• [Problem requirements]:
Below are lines of data; restate word for word those running from the line containing "for name, color, linetype, lineweight" to the line containing "blk = doc.blocks.new('lancan')", inclusive, and no others.

+ + +

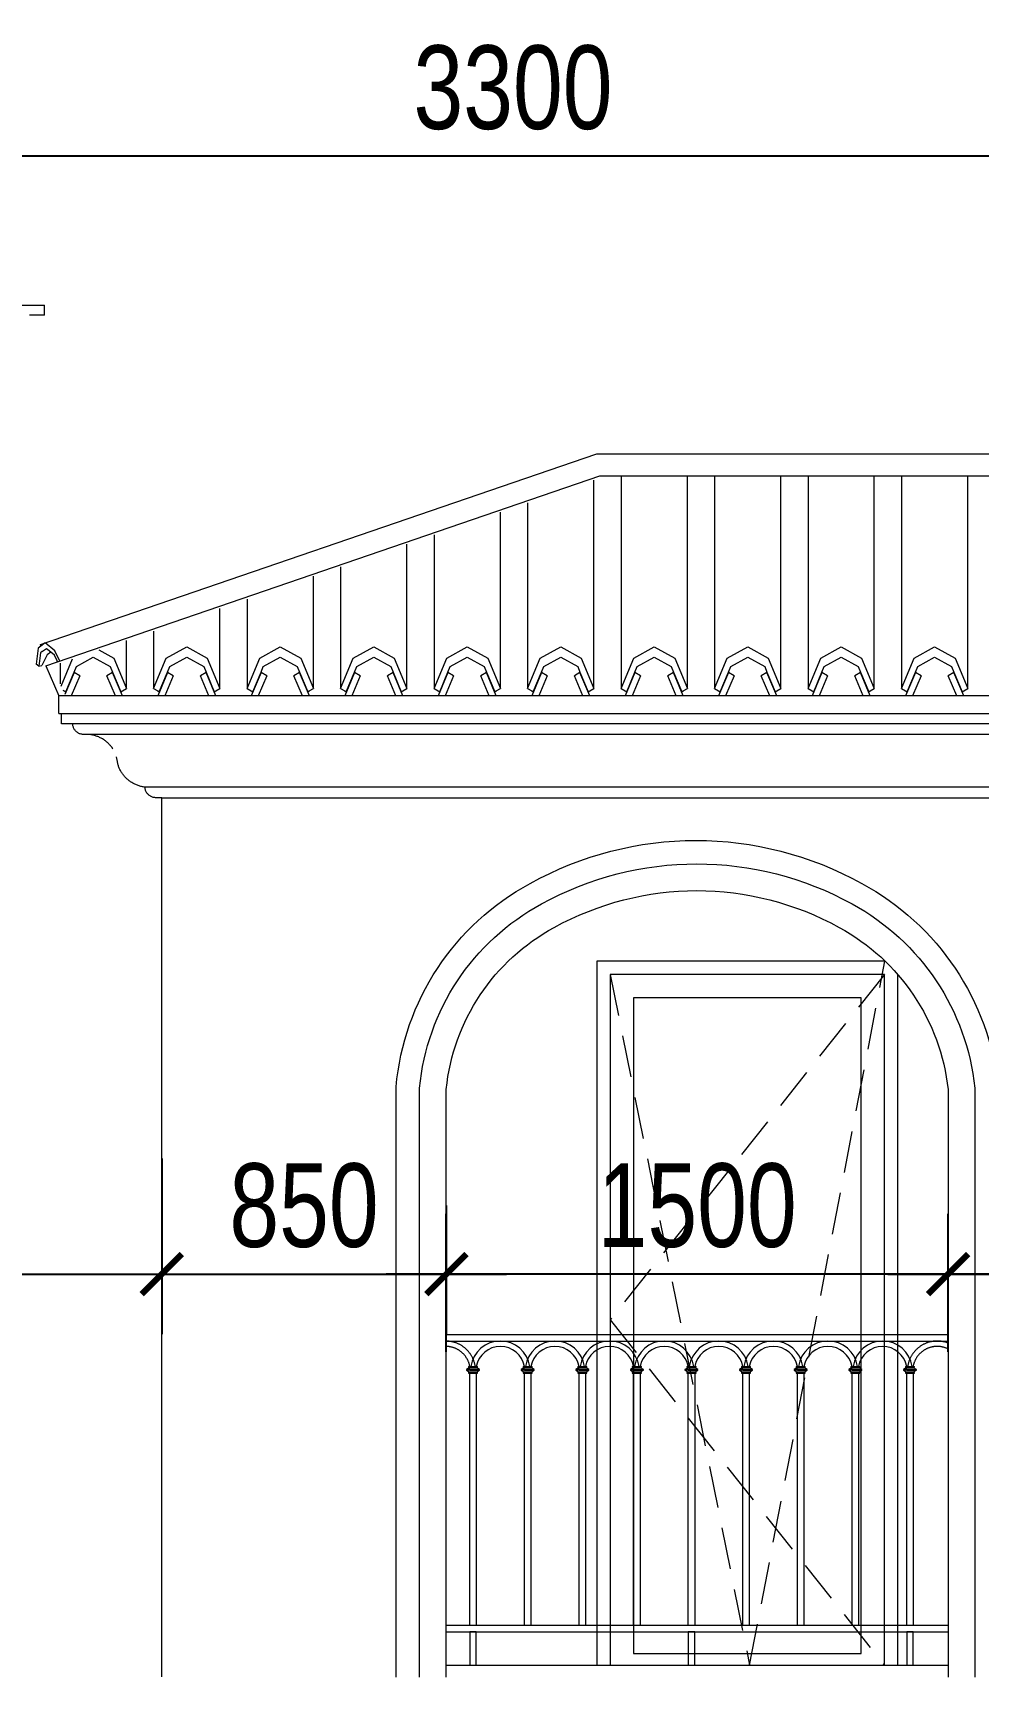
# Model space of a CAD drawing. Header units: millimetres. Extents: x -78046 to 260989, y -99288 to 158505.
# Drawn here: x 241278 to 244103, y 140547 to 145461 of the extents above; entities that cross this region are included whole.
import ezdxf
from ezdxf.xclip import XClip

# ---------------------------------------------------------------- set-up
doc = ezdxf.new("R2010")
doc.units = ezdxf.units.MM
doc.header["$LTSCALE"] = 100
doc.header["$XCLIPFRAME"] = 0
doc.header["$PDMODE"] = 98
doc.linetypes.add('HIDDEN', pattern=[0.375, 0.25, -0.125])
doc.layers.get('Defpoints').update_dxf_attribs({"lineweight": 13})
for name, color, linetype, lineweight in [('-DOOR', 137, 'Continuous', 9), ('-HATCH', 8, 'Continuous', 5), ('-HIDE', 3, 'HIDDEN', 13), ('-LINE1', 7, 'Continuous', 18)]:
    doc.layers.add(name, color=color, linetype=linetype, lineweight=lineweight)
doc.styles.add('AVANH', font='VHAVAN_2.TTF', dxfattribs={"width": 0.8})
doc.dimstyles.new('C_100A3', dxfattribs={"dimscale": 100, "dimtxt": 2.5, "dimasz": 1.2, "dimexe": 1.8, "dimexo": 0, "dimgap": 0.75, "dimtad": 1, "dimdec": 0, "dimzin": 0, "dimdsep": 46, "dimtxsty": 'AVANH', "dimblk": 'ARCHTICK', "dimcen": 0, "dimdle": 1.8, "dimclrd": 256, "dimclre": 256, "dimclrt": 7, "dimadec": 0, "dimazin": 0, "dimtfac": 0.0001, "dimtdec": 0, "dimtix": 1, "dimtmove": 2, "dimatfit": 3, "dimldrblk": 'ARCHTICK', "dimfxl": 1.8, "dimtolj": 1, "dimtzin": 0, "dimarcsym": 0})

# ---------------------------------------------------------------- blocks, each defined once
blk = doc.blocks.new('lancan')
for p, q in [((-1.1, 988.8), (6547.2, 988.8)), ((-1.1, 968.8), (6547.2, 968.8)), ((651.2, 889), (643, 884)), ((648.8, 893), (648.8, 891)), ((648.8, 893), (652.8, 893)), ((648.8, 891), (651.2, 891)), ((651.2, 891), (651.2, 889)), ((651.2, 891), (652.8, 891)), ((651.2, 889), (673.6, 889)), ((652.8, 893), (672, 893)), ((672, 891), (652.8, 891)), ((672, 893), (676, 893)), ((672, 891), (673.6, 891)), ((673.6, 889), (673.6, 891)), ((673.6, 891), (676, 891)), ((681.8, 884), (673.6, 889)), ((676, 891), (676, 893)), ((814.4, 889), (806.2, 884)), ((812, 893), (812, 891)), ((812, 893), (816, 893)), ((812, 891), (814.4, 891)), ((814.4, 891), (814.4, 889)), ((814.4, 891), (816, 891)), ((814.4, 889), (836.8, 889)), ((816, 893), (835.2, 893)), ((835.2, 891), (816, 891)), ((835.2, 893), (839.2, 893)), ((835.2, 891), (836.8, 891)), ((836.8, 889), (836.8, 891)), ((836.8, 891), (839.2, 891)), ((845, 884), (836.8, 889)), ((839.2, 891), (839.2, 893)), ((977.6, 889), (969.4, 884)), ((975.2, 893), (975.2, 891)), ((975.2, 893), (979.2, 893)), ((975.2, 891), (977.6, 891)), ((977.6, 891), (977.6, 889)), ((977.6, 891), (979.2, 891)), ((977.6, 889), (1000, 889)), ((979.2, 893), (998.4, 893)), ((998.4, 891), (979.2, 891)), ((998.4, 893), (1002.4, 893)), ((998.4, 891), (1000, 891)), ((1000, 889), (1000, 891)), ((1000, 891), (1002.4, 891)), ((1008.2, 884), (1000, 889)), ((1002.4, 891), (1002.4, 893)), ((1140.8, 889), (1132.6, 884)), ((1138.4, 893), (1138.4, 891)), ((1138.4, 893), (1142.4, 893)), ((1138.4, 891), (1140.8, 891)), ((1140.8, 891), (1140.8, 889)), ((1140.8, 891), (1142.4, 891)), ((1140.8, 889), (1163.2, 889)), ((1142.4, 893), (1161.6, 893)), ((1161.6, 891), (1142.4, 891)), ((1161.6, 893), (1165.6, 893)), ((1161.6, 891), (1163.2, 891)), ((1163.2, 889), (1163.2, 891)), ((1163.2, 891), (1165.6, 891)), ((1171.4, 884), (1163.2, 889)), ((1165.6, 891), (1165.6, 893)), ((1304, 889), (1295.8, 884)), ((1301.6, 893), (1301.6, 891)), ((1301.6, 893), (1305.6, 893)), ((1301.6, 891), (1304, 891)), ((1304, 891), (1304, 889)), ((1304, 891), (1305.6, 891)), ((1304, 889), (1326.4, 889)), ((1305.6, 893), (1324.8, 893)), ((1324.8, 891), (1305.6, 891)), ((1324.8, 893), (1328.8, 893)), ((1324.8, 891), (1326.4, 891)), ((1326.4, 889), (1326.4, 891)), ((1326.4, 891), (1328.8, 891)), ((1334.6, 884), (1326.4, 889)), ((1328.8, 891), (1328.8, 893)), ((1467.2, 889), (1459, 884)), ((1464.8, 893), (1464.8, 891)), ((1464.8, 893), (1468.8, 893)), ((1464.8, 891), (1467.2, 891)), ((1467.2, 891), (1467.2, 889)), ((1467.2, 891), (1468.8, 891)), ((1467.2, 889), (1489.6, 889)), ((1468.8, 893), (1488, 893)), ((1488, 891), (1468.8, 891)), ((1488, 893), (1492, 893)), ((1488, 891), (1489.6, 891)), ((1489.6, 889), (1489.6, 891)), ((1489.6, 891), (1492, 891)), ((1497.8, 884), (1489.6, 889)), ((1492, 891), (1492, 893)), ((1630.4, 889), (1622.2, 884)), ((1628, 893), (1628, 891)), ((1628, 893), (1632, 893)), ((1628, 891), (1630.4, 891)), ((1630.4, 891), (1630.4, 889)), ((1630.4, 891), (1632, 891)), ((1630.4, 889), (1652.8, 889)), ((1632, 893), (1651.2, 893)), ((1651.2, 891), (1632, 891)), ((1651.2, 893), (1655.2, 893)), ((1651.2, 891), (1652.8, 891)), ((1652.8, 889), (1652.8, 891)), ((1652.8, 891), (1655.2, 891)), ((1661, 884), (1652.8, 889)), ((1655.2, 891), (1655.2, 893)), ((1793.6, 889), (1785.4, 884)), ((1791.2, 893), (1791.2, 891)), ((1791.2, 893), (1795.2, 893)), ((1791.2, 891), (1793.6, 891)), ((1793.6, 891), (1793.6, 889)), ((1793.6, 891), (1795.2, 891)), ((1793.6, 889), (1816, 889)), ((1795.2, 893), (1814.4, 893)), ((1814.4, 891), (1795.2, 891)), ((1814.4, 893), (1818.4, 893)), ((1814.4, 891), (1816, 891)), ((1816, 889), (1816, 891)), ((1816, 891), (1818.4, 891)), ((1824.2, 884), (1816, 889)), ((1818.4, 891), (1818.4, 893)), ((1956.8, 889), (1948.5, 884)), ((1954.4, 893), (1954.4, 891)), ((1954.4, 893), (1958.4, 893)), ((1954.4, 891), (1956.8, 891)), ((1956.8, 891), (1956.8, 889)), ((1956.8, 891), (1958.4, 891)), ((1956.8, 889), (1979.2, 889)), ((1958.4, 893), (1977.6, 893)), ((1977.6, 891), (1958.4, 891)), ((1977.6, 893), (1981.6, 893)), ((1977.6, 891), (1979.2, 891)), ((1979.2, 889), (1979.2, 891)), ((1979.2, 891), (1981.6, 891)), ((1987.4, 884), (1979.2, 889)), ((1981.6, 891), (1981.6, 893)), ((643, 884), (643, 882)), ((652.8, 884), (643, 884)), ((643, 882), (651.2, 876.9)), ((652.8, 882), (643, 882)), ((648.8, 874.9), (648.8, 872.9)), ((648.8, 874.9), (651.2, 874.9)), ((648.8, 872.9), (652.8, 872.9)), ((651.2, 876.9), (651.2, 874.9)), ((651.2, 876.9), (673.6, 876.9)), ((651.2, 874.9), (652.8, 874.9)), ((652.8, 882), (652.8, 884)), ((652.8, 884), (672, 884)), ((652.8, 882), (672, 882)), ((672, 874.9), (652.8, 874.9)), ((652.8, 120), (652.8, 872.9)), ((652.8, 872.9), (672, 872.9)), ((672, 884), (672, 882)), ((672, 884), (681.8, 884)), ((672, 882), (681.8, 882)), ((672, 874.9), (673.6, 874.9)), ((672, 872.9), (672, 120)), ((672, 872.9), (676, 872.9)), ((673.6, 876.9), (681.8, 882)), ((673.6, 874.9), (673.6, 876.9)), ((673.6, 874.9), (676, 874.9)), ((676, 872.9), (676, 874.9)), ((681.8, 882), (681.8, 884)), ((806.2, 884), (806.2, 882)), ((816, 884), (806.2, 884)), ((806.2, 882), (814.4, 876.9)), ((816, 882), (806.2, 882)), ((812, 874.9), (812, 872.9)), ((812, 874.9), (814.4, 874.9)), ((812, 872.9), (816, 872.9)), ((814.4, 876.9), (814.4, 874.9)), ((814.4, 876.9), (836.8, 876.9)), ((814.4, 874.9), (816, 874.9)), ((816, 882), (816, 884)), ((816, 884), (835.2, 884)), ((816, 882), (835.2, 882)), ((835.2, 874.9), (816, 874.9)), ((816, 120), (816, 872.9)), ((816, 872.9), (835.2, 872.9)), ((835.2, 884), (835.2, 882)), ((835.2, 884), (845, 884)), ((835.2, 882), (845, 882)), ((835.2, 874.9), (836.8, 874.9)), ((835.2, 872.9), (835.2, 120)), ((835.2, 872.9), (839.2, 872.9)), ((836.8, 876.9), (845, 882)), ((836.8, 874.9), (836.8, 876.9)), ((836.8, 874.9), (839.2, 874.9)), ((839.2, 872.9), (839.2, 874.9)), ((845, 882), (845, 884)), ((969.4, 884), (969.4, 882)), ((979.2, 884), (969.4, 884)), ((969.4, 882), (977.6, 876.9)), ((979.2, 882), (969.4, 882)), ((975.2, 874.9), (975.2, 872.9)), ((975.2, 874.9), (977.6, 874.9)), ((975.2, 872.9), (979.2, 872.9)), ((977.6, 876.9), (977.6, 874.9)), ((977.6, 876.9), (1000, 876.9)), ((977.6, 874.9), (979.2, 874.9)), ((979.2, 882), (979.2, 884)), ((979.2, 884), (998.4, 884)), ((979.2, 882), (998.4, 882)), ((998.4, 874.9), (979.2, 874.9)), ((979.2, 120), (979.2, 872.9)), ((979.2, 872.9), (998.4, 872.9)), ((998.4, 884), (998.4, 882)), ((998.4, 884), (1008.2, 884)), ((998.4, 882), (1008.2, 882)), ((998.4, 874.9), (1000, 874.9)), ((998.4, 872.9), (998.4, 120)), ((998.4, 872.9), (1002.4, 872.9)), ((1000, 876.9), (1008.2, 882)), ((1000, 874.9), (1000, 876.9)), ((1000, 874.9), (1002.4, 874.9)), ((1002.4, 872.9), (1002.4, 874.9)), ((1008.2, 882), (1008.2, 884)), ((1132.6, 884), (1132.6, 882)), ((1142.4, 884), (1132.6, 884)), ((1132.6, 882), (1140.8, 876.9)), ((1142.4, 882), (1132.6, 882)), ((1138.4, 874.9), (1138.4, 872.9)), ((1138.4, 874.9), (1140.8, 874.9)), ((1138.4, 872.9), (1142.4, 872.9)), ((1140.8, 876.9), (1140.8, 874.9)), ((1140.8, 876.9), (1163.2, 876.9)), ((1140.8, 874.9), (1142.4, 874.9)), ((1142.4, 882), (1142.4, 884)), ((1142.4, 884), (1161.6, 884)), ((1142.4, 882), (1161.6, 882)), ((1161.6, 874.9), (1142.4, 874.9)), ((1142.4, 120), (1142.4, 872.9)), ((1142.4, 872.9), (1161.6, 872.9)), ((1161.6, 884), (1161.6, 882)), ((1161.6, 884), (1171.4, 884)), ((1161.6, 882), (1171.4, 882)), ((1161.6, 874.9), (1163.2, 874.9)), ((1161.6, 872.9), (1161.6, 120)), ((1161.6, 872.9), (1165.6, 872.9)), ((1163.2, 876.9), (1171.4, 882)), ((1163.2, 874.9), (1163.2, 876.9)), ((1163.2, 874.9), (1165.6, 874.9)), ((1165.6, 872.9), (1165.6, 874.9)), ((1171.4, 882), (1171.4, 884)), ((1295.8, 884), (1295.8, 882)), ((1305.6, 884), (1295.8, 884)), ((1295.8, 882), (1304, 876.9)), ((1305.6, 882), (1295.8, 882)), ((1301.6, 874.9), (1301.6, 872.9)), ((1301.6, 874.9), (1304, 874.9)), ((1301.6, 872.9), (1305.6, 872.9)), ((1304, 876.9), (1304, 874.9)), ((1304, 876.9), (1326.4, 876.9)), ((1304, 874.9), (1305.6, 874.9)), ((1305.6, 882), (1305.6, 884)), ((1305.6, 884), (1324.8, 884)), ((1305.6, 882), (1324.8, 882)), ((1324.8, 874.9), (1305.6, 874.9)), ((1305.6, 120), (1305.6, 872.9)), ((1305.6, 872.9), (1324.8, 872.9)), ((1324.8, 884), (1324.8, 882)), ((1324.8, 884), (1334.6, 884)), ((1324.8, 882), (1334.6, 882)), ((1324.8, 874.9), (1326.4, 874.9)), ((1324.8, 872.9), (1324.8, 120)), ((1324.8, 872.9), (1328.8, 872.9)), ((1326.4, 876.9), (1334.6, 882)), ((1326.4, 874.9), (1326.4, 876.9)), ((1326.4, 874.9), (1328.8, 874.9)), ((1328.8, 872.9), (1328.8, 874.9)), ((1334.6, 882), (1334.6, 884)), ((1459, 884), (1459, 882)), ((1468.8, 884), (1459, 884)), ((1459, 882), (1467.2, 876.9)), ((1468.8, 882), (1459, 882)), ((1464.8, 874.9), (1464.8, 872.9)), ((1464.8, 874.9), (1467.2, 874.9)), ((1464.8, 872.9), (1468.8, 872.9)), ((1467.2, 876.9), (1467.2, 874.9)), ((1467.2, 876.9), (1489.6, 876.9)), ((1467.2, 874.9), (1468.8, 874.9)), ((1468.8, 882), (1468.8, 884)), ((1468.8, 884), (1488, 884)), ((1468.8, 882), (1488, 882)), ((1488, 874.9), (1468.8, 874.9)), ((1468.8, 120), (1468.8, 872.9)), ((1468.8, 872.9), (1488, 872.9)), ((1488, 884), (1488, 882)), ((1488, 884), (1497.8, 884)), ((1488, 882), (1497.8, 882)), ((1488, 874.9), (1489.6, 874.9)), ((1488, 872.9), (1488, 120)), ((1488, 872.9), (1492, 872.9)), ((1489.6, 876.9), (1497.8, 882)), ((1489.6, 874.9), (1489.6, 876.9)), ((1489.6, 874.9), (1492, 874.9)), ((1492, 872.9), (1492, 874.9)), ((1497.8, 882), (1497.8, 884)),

+ + +

• [Reply to the exercise]:
for name, color, linetype, lineweight in [('-DOOR', 137, 'Continuous', 9), ('-HATCH', 8, 'Continuous', 5), ('-HIDE', 3, 'HIDDEN', 13), ('-LINE1', 7, 'Continuous', 18)]:
    doc.layers.add(name, color=color, linetype=linetype, lineweight=lineweight)
doc.styles.add('AVANH', font='VHAVAN_2.TTF', dxfattribs={"width": 0.8})
doc.dimstyles.new('C_100A3', dxfattribs={"dimscale": 100, "dimtxt": 2.5, "dimasz": 1.2, "dimexe": 1.8, "dimexo": 0, "dimgap": 0.75, "dimtad": 1, "dimdec": 0, "dimzin": 0, "dimdsep": 46, "dimtxsty": 'AVANH', "dimblk": 'ARCHTICK', "dimcen": 0, "dimdle": 1.8, "dimclrd": 256, "dimclre": 256, "dimclrt": 7, "dimadec": 0, "dimazin": 0, "dimtfac": 0.0001, "dimtdec": 0, "dimtix": 1, "dimtmove": 2, "dimatfit": 3, "dimldrblk": 'ARCHTICK', "dimfxl": 1.8, "dimtolj": 1, "dimtzin": 0, "dimarcsym": 0})

# ---------------------------------------------------------------- blocks, each defined once
blk = doc.blocks.new('lancan')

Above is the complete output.